----- MATERIAL PROVIDED
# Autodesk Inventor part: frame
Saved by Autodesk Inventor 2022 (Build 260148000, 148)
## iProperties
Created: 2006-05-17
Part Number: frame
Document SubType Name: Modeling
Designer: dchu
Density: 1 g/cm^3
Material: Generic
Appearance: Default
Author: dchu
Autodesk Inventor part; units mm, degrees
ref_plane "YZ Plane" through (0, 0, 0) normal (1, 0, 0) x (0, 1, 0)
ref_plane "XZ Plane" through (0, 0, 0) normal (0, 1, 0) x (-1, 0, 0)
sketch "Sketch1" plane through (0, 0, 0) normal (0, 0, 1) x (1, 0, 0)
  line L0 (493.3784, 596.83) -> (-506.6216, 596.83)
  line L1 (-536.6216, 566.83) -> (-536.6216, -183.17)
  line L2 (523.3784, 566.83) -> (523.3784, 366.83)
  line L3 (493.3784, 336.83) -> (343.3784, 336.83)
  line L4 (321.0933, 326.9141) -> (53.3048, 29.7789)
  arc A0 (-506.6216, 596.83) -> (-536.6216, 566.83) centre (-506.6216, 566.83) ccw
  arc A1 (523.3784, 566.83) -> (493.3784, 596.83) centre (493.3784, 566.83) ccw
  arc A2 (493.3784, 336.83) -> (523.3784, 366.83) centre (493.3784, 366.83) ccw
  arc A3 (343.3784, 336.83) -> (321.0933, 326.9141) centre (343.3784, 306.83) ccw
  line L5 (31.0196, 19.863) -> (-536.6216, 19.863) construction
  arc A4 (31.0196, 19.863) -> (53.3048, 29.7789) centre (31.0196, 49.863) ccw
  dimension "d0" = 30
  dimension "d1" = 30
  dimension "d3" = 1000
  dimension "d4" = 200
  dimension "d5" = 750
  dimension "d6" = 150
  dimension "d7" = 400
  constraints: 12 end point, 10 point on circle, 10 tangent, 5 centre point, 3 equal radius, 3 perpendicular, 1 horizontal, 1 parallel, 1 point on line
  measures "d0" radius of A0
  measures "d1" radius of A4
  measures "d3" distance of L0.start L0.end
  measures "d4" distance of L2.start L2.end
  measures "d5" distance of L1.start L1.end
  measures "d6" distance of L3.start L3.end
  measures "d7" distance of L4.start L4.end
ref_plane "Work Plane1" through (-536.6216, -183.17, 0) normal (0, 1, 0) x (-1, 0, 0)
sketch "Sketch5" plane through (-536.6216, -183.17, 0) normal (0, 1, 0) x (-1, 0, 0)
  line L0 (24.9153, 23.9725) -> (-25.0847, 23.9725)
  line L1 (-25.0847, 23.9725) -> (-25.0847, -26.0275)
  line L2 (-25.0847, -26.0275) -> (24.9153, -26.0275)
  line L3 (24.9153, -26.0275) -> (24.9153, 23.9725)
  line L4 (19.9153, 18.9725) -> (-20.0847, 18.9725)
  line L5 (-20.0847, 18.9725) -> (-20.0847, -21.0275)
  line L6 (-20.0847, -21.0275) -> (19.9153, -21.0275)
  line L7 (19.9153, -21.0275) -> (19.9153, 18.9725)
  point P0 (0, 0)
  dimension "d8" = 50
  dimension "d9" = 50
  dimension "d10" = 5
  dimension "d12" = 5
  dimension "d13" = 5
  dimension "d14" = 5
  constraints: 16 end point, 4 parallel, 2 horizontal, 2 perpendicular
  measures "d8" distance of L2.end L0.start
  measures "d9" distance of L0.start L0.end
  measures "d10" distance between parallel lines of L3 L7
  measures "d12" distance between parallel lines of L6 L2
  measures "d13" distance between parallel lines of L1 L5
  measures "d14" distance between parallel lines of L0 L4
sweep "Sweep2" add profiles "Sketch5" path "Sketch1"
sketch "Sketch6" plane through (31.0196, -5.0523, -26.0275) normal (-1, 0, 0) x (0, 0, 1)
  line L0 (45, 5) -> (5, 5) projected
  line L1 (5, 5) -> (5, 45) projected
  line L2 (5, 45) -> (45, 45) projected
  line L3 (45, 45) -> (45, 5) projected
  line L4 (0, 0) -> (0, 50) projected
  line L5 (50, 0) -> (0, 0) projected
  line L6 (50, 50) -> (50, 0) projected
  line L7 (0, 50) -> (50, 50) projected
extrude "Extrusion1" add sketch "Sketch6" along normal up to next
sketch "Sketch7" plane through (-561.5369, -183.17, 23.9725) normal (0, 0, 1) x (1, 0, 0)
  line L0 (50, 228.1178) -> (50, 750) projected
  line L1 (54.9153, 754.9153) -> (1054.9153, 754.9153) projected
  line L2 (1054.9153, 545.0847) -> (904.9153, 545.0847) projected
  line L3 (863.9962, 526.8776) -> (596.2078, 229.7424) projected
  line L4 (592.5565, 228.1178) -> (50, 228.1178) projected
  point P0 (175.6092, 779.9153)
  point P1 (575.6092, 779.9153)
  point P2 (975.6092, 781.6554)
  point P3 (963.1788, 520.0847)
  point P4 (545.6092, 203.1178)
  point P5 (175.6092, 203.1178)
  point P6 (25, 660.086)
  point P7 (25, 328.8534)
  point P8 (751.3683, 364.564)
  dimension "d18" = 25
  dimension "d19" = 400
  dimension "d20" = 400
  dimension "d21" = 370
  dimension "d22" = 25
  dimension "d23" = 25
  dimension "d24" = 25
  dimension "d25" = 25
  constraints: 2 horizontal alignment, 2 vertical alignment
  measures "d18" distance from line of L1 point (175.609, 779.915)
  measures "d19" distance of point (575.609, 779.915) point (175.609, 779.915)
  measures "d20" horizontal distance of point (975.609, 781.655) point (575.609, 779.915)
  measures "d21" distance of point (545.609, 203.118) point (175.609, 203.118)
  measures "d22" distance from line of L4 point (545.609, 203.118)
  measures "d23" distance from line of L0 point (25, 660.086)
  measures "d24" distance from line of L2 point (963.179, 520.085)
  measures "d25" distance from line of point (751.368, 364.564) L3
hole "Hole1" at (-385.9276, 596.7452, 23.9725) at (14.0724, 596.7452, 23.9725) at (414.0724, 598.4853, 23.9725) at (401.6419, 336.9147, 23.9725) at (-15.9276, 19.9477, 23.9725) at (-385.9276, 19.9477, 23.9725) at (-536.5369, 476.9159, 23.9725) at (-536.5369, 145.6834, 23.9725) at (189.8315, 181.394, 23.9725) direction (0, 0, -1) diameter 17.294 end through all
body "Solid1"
----------
▶ WORK REQUEST:
Check each line of these records for the string "perpendicular" and state only how many lines have it.

▶ EXERCISE RESPONSE:
2